27 Jahre hat mein Freilandteichaquarium jedem Winter getrotzt. Auf einer Seite bekam es die Wärme des Hauses ab, auf zwei Seiten war es im Erdreich und die vierte Seite mit der Glasscheibe war bis vor 10 Jahren in einem Treibhaus, das nie Minustemperaturen hatte. In dieser Zeit hat sich nie eine Eisdecke gebildet, die über einen Zentimeter hinausgegangen wäre. Seit das Treibhaus verschwand, fror es fast jedes zu, allerdings nicht so tief, dass das Eis die Glasscheibe erreicht hätte. Das alles hatte diesen Winter keine Gültigkeit mehr. Vom Wohnzimmer blickt man auf die WOF, sieht aber nicht die Vorderseite. So war ich völlig überrascht und erschrocken, als ich einmal in den Garten ging, um das Vogelhaus mit neuem Futter zu versehen. Das Bild zeigt was passiert ist. Hinter der geborstenen Scheibe hatte sich noch ein Wasserrest gehalten, der aber dann auch durchfror. Zwei Schleien, zwei Karpfen, Amurbärblinge, Bitterlinge und wahrscheinlich auch __ Frösche sind die Opfer. Wir wohnen in der wintermildesten Gegend Deutschlands und dann das. Es ist zum Heulen.

MfG.
Wolfgang


----------



## Zacky (17. Feb. 2012)

*AW: Man sollte sich nie zu sicher fühlen!*

Ach du Schei***!


----------



## pema (17. Feb. 2012)

*AW: Man sollte sich nie zu sicher fühlen!*

Hallo Wolfgang,
das tut mir für dich und die betroffenen Tiere wirklich leid.
petra


----------



## VolkerN (17. Feb. 2012)

*AW: Man sollte sich nie zu sicher fühlen!*

Hallo Wolfgang,

mein Beileid 

...in Zusammenhang mit der Natur kann man sich nur sicher sein das nichts sicher ist. Ist schon erstaunlich ...schliesslich war die Kaelteperiode zwar kurz und heftig ...aber (aus der Erinnerung heraus) hatten wir im Dezember letzten Jahres eine aehnliche Kaelteperiode.


----------



## Yogibubu (17. Feb. 2012)

*AW: Man sollte sich nie zu sicher fühlen! - wie wahr!*

Hi Wolfgang,

ich kann Dir nachfühlen! Mal sehen, was ich entdecke, wenn meine Pfütze auftaut. Kann gar nicht sagen, wie dick die Eisschicht ist. Meine 2 Seerosen, die im 45 cm tiefen Wasser standen sowie 2 gute Springbrunnenpumpen habe ich vor dem Winter in einer in einer mit Wasser gefüllten Maurerbütt in ein Hausanbau – wie die Jahre zuvor, gestellt, um sie zu überwintern (et hätt noch immer jootjegange) Gleich neben ca. 60 Dahlienknollen! Alles zusätzlich gut abgedeckt! 
Als ich vor 4 Tagen nach dem Ganzen schaute, kam der Horror! In meinem Wasserbehälter nichts als ein Eisblock :shock Darin zwei gute Heissner-Pumpen und zwei große Seerosenrhizome: die dürften alle hin sein!  Die Dahlienknollen sicherlich auch   Sche…  Winter...

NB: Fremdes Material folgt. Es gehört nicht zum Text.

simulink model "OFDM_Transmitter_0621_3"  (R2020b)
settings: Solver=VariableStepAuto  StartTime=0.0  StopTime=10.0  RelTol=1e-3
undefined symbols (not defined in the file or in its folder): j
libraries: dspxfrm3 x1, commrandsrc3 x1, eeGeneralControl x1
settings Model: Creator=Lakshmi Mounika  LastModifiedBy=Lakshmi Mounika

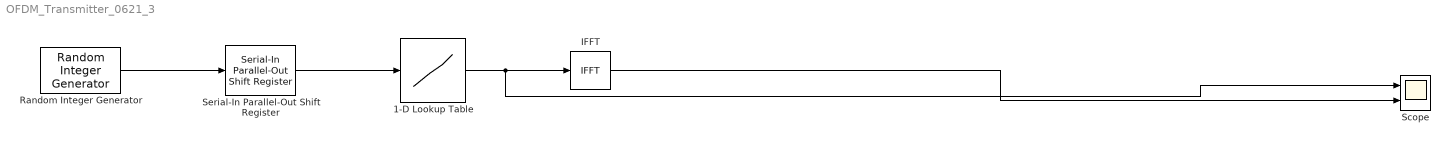
== system OFDM_Transmitter_0621_3 ==
  1-D Lookup Table : Lookup_n-D  NumberOfTableDimensions=1  BreakpointsForDimension1=[0 1 2 3]  Table=[1+j 1-j -1+j -1-j]  InternalRulePriority=Speed  RndMeth=Simplest  InputSameDT=on
  IFFT : dspxfrm3/IFFT  FFTImplementation=Auto  CompMethod=Table lookup  TableOpt=NEW  TableOptActive=Speed  BitRevOrder=off  cs_in=on  Normalize=on  InheritFFTLength=on  FFTLength=64  WrapInput=on  mode=Complex  outSamplingMode=Sample based  roundingMode=Floor  overflowMode=off  firstCoeffDataTypeStr=Inherit: Same word length as input  firstCoeffLastDataTypeStr=Inherit: Same word length as input  outputMin=[]  outputMax=[]
  Random Integer Generator : commrandsrc3/Random Integer Generator  SetSize=4  SeedSource=Auto  Seed=0  SampleTime=1  SamplesPerFrame=1  OutputDataType=double  SimulateUsing=Interpreted execution
  Scope : Scope  NumInputPorts=2
  Serial-In Parallel-Out Shift Register : eeGeneralControl/Serial-In Parallel-Out Shift Register  N=4  IC=0  Ts=-1
      settings: SourceProductBaseCode=PS
  wires:
  Serial-In Parallel-Out Shift Register/1 -> 1-D Lookup Table/1
  Random Integer Generator/1 -> Serial-In Parallel-Out Shift Register/1
  1-D Lookup Table/1 -> Scope/1, IFFT/1
  IFFT/1 -> Scope/2
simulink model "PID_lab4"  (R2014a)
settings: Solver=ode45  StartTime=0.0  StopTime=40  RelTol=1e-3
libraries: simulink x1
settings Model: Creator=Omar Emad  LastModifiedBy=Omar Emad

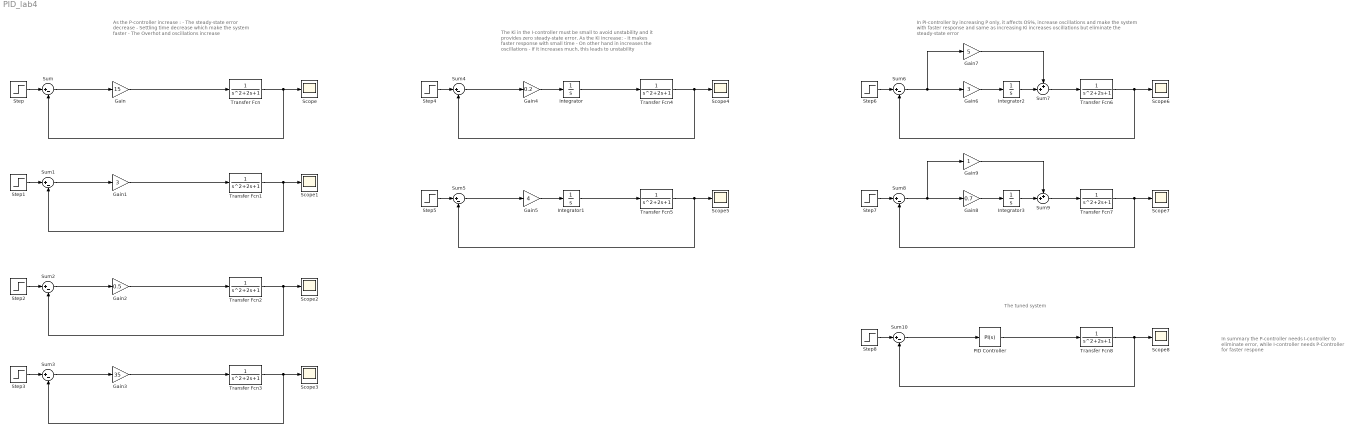
== system PID_lab4 ==
  note: In summary the P-controller needs
      | I-controller to eliminate error, while
      | I-controller needs P-Controller for faster respone
  note: The tuned system
  note: In PI-controller by increasing P only, it affects OS%, increase oscillations
      | and make the system with faster response
      | and same as increasing Ki increases oscillations but eliminate the steady-state error
  note: The Ki in the I-controller must be small to avoid unstability
      | and it provides zero steady-state error. As the Ki increase:
      | - It makes faster response with small time
      | - On other hand in increases the oscillations
      | - If it increases much, this leads to unstability
  note: As the P-controller increase :
      | -  The steady-state error decrease
      | - Settling time decrease which make the system faster
      | - The Overhot and oscillations increase
  Gain : Gain  Gain=15
  Gain1 : Gain  Gain=3
  Gain2 : Gain  Gain=0.5
  Gain3 : Gain  Gain=35
  Gain4 : Gain  Gain=0.2
  Gain5 : Gain  Gain=4
  Gain6 : Gain  Gain=3
  Gain7 : Gain  Gain=5
  Gain8 : Gain  Gain=0.7
  Gain9 : Gain
  Integrator{,1..3} (4 alike) : Integrator
  PID Controller : simulink/Continuous/PID Controller  Controller=PI  TimeDomain=Continuous-time  SampleTime=1  IntegratorMethod=Forward Euler  FilterMethod=Forward Euler  Form=Parallel  P=0.761311081419729  I=0.475488409080512  D=0  N=100  InitialConditionSource=internal  InitialConditionForIntegrator=0  InitialConditionForFilter=0  ExternalReset=none  LimitOutput=off  UpperSaturationLimit=inf  LowerSaturationLimit=-inf  LinearizeAsGain=on  AntiWindupMode=none  Kb=1  TrackingMode=off  Kt=1  PParamMin=[]  PParamMax=[]  IParamMin=[]  IParamMax=[]  DParamMin=[]  DParamMax=[]  NParamMin=[]  NParamMax=[]  KbParamMin=[]  KbParamMax=[]  KtParamMin=[]  KtParamMax=[]  POutMin=[]  POutMax=[]  IOutMin=[]  IOutMax=[]  DOutMin=[]  DOutMax=[]  NOutMin=[]  NOutMax=[]  KbOutMin=[]  KbOutMax=[]  KtOutMin=[]  KtOutMax=[]  IntegratorOutMin=[]  IntegratorOutMax=[]  FilterOutMin=[]  FilterOutMax=[]  SumOutMin=[]  SumOutMax=[]  SumI1OutMin=[]  SumI1OutMax=[]  SumI2OutMin=[]  SumI2OutMax=[]  SumI3OutMin=[]  SumI3OutMax=[]  SumDOutMin=[]  SumDOutMax=[]  SaturationOutMin=[]  SaturationOutMax=[]  IntegratorContinuousStateAttributes=''  IntegratorStateMustResolveToSignalObject=off  IntegratorRTWStateStorageClass=Auto  FilterContinuousStateAttributes=''  FilterStateMustResolveToSignalObject=off  FilterRTWStateStorageClass=Auto
  Scope{,1..8} (9 alike) : Scope
      Scope2 settings: SaveName=ScopeData2
      Scope3 settings: SaveName=ScopeData3
      Scope4 settings: SaveName=ScopeData4
      Scope5 settings: SaveName=ScopeData5
      Scope6 settings: SaveName=ScopeData6
      Scope7 settings: SaveName=ScopeData7
      Scope8 settings: SaveName=ScopeData8
  Step{,1..8} (9 alike) : Step  SampleTime=0
  Sum{,1..6,8,10} (9 alike) : Sum  Inputs=|+-
  Sum7 : Sum  Inputs=++|
  Sum9 : Sum  Inputs=++|
  Transfer Fcn{,1..8} (9 alike) : TransferFcn
  wires:
  Gain/1 -> Transfer Fcn/1
  Step/1 -> Sum/1
  Sum/1 -> Gain/1
  Transfer Fcn/1 -> Sum/2, Scope/1
  Gain1/1 -> Transfer Fcn1/1
  Step1/1 -> Sum1/1
  Sum1/1 -> Gain1/1
  Transfer Fcn1/1 -> Scope1/1, Sum1/2
  Gain2/1 -> Transfer Fcn2/1
  Step2/1 -> Sum2/1
  Sum2/1 -> Gain2/1
  Transfer Fcn2/1 -> Sum2/2, Scope2/1
  Gain3/1 -> Transfer Fcn3/1
  Step3/1 -> Sum3/1
  Sum3/1 -> Gain3/1
  Transfer Fcn3/1 -> Scope3/1, Sum3/2
  Gain4/1 -> Integrator/1
  Step4/1 -> Sum4/1
  Sum4/1 -> Gain4/1
  Transfer Fcn4/1 -> Sum4/2, Scope4/1
  Integrator/1 -> Transfer Fcn4/1
  Gain5/1 -> Integrator1/1
  Step5/1 -> Sum5/1
  Sum5/1 -> Gain5/1
  Transfer Fcn5/1 -> Scope5/1, Sum5/2
  Integrator1/1 -> Transfer Fcn5/1
  Gain6/1 -> Integrator2/1
  Step6/1 -> Sum6/1
  Sum6/1 -> Gain7/1, Gain6/1
  Transfer Fcn6/1 -> Scope6/1, Sum6/2
  Integrator2/1 -> Sum7/2
  Sum7/1 -> Transfer Fcn6/1
  Gain7/1 -> Sum7/1
  Gain8/1 -> Integrator3/1
  Step7/1 -> Sum8/1
  Sum8/1 -> Gain8/1, Gain9/1
  Transfer Fcn7/1 -> Sum8/2, Scope7/1
  Integrator3/1 -> Sum9/2
  Sum9/1 -> Transfer Fcn7/1
  Gain9/1 -> Sum9/1
  Step8/1 -> Sum10/1
  Transfer Fcn8/1 -> Sum10/2, Scope8/1
  Sum10/1 -> PID Controller/1
  PID Controller/1 -> Transfer Fcn8/1
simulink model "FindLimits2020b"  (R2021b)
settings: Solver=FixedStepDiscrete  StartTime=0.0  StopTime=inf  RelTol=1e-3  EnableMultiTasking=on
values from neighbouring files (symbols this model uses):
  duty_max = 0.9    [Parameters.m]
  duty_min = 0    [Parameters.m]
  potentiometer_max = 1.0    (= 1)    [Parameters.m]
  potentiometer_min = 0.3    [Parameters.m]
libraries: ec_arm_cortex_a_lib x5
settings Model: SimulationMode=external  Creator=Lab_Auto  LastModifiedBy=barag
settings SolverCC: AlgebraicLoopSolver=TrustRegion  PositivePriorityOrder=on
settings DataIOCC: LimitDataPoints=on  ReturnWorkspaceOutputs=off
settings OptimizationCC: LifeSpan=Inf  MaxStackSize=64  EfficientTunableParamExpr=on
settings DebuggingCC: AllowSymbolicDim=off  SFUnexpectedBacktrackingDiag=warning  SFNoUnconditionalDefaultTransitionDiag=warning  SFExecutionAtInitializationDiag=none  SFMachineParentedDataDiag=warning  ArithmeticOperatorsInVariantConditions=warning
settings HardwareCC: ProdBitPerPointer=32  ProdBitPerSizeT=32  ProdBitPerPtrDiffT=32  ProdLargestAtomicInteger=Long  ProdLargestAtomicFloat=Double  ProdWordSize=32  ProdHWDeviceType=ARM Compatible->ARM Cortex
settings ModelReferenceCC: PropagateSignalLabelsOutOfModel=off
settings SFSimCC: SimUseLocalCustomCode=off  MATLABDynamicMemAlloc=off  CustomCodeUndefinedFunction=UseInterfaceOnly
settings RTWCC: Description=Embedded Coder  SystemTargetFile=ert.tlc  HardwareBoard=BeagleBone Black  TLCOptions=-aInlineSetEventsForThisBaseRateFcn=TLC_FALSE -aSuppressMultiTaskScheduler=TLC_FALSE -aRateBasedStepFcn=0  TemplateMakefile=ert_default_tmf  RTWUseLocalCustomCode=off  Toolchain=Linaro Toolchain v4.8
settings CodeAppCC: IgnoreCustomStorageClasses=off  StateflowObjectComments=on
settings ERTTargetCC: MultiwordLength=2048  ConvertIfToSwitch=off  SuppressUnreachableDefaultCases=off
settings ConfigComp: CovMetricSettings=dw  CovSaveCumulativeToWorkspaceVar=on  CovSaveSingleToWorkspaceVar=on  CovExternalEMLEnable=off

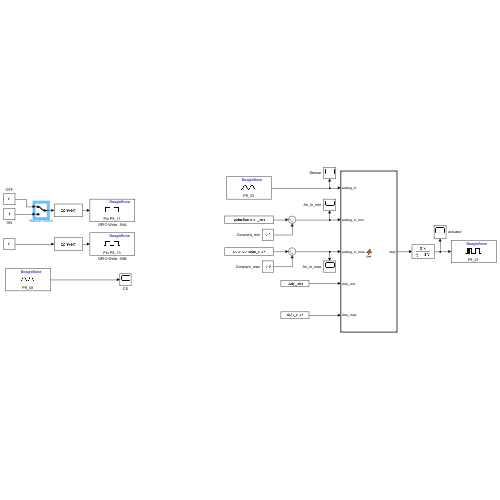
[thumbnail: Simulink's stored preview of the top-level diagram]
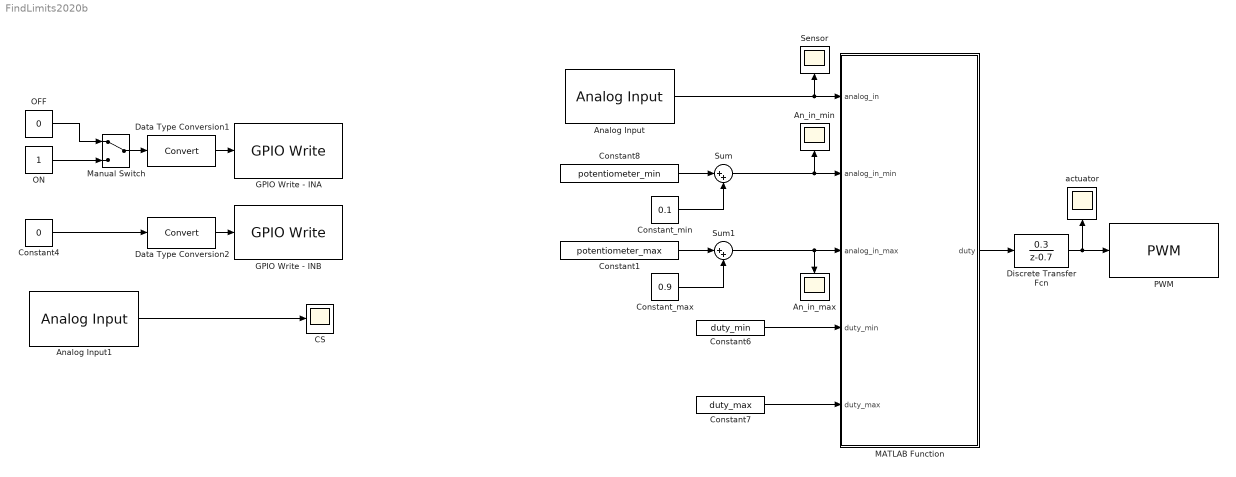
== system FindLimits2020b ==
  " OFF" : Constant  Value=0
  An_in_max : Scope
  An_in_min : Scope
  Analog Input : ec_arm_cortex_a_lib/Analog Input  board=BeagleBone Black  pin=P9_33  sampleTime=0.01  blockPlatform=BeagleBone
      settings: SourceProductBaseCode=ECCORTEXA
  Analog Input1 : ec_arm_cortex_a_lib/Analog Input  board=BeagleBone Black  pin=P9_40  sampleTime=0.01  blockPlatform=BeagleBone
      settings: SourceProductBaseCode=ECCORTEXA
  CS : Scope
  Constant1 : Constant  Value=potentiometer_max
  Constant4 : Constant  Value=0
  Constant6 : Constant  Value=duty_min
  Constant7 : Constant  Value=duty_max
  Constant8 : Constant  Value=potentiometer_min
  Constant_max : Constant  Value=0.9
  Constant_min : Constant  Value=0.1
  Data Type Conversion1 : DataTypeConversion
  Data Type Conversion2 : DataTypeConversion
  Discrete Transfer Fcn : DiscreteTransferFcn  Numerator=[0.3]  Denominator=[1 -0.7]
  GPIO Write - INA : ec_arm_cortex_a_lib/GPIO Write  board=BeagleBone Black  gpio=P9_11  direction=Output  blockPlatform=BeagleBone
      settings: SourceProductBaseCode=ECCORTEXA
  GPIO Write - INB : ec_arm_cortex_a_lib/GPIO Write  board=BeagleBone Black  gpio=P9_13  direction=Output  blockPlatform=BeagleBone
      settings: SourceProductBaseCode=ECCORTEXA
  MATLAB Function : MATLAB Function  TreatAsAtomicUnit=on
  Manual Switch : ManualSwitch
  ON : Constant
  PWM : ec_arm_cortex_a_lib/PWM  board=BeagleBone Black  pin=P9_21  frequency=20000  polarity=Positive  blockPlatform=BeagleBone
      settings: SourceProductBaseCode=ECCORTEXA
  Sensor : Scope
  Sum : Sum  Inputs=|++
  Sum1 : Sum  Inputs=|++
  actuator : Scope
  wires:
  Analog Input1/1 -> CS/1
  Data Type Conversion1/1 -> GPIO Write - INA/1
  Sum/1 -> MATLAB Function/2(analog_in_min), An_in_min/1
  Constant_max/1 -> Sum1/2
  MATLAB Function/1(duty) -> Discrete Transfer Fcn/1
  Constant8/1 -> Sum/1
  Analog Input/1 -> MATLAB Function/1(analog_in), Sensor/1
  " OFF"/1 -> Manual Switch/1
  Constant6/1 -> MATLAB Function/4(duty_min)
  Constant7/1 -> MATLAB Function/5(duty_max)
  ON/1 -> Manual Switch/2
  Data Type Conversion2/1 -> GPIO Write - INB/1
  Constant_min/1 -> Sum/2
  Discrete Transfer Fcn/1 -> PWM/1, actuator/1
  Sum1/1 -> MATLAB Function/3(analog_in_max), An_in_max/1
  Manual Switch/1 -> Data Type Conversion1/1
  Constant1/1 -> Sum1/1
  Constant4/1 -> Data Type Conversion2/1

== matlab function FindLimits2020b/MATLAB Function ==
  data: analog_in input; duty output; analog_in_min input; analog_in_max input; duty_min input; duty_max input
function duty= fcn(analog_in, analog_in_min, analog_in_max, duty_min, duty_max)
%#codegen
persistent flag;


if isempty(flag)
    flag = 0;
end

duty = duty_min;

if flag == 0
    duty = duty_min;
    if (flag == 0) && (analog_in <= analog_in_min)
        flag = 1;
        duty = duty_max;
    end
end

if flag == 1
    duty = duty_max;
    if (flag == 1) && (analog_in >= analog_in_max)
        flag = 0;
        duty = duty_min;
    end
end
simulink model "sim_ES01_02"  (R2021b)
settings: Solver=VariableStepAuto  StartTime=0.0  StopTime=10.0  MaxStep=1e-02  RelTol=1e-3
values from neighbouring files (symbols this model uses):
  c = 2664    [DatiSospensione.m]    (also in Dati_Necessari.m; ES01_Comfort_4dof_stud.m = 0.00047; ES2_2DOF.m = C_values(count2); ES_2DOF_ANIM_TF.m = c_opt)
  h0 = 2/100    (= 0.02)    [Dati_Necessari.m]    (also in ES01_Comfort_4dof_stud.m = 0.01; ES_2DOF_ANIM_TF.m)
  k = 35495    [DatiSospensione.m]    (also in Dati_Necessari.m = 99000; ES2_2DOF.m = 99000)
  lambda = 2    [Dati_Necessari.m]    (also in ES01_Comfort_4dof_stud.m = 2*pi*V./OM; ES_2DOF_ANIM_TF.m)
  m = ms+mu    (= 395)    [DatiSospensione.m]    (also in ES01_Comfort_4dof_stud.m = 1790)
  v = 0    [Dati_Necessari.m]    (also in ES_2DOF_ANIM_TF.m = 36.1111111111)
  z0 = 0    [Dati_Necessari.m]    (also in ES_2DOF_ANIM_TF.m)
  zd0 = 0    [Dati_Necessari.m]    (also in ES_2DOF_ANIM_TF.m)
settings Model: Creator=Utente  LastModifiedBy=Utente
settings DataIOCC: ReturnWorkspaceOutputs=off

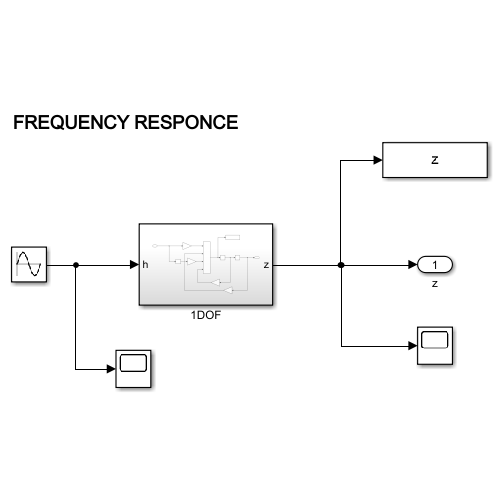
[thumbnail: Simulink's stored preview of the top-level diagram]
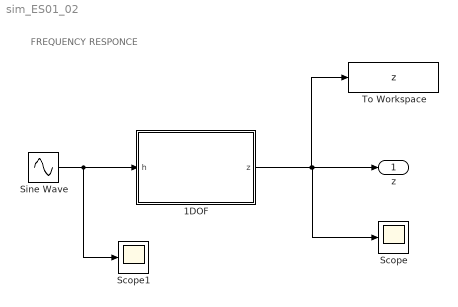
== system sim_ES01_02 ==
  note: FREQUENCY RESPONCE
  1DOF : Subsystem
  Scope : Scope
  Scope1 : Scope
  Sine Wave : Sin  Amplitude=h0  Frequency=2*pi*v/lambda  SampleTime=0
  To Workspace : ToWorkspace  VariableName=z  SaveFormat=Timeseries  SampleTime=-1
  z : Outport
  wires:
  1DOF/1(z) -> To Workspace/1, Scope/1, z/1
  Sine Wave/1 -> Scope1/1, 1DOF/1(h)

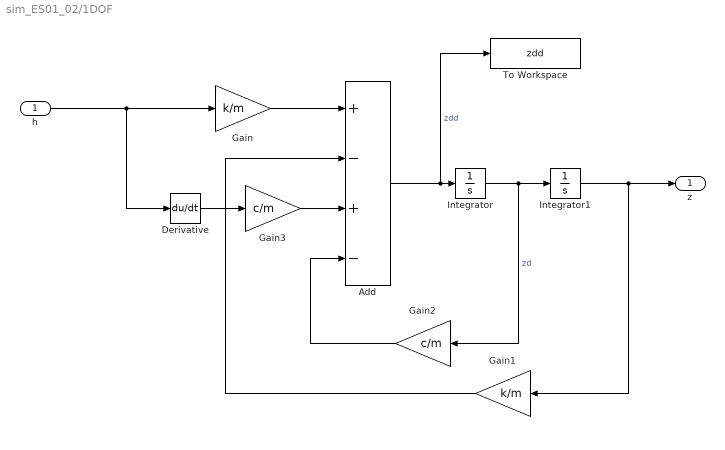
== system sim_ES01_02/1DOF ==
  h : Inport
  Add : Sum  Inputs=+-+-
  Derivative : Derivative
  Gain : Gain  Gain=k/m
  Gain1 : Gain  Gain=k/m
  Gain2 : Gain  Gain=c/m
  Gain3 : Gain  Gain=c/m
  Integrator : Integrator  InitialCondition=zd0
  Integrator1 : Integrator  InitialCondition=z0
  To Workspace : ToWorkspace  VariableName=zdd  SaveFormat=Timeseries  SampleTime=-1
  z : Outport
  wires:
  Derivative/1 -> Gain3/1
  Add/1 -> To Workspace/1, Integrator/1  "zdd"
  h/1 -> Derivative/1, Gain/1
  Gain1/1 -> Add/2
  Integrator1/1 -> z/1, Gain1/1
  Gain/1 -> Add/1
  Gain3/1 -> Add/3
  Integrator/1 -> Gain2/1, Integrator1/1  "zd"
  Gain2/1 -> Add/4

Auf ein Neues  -  viele Grüße

Andreas


----------



## S.Reiner (17. Feb. 2012)

*AW: Man sollte sich nie zu sicher fühlen!*

Hallo Wolfgang
 Das ist ein schlimmer Vorfall  
Da kann mann sehen das selbst das Unmögliche doch eintreten kann 
--------------Gruss Reiner-----------


----------



## Zacky (18. Feb. 2012)

*AW: Man sollte sich nie zu sicher fühlen!*

Guten Morgen....

Ich denke, das passt hier gut rein. Pleiten, Pech und Pannen wäre auch ein schöner Name für den Thread.

Als ich heute morgen so in den Garten schaute, dachte ich noch, ich träume......

 Der Rasen stand unter Wasser und mein Teich sah komisch aus..... also ich fix raus und dann das....

     

:help Als ich genauer hinschaute, sah ich das ein PVC-Rohr am Kugelhahn geplatzt ist. Kein kleiner Riss, , natürlich gleich so, dass das 50er Rohr freien Lauf hatte.

Bin jetzt erst am Abpumpen und versuche die Pumpen-Ventilkammer trocken zu legen und hoffe auf eine schenlle Reparatur. So kommen meine Fische auch zu einem großzügigen Wasserwechsel. 

Berichte später weiter, muss erst mal wieder raus....


----------



## Zacky (18. Feb. 2012)

*AW: Man sollte sich nie zu sicher fühlen!*

Nachtrag:

Leck gefunden und trocken gelegt, neu geklebt und hoffentlich dicht. Wir mussten aber den Waserpegel um gute 60 cm im Teich senken um die Stelle zu erreichen. Ein ganz blödes Gefühl, wenn das Eis knackt und dann die Eisschollen abbrechen. Hoffe die Fische haben den Schock überstanden, denn gesehen habe ich noch keine. Wir werden es erst im Frühjahr mit Gewissheit sehen.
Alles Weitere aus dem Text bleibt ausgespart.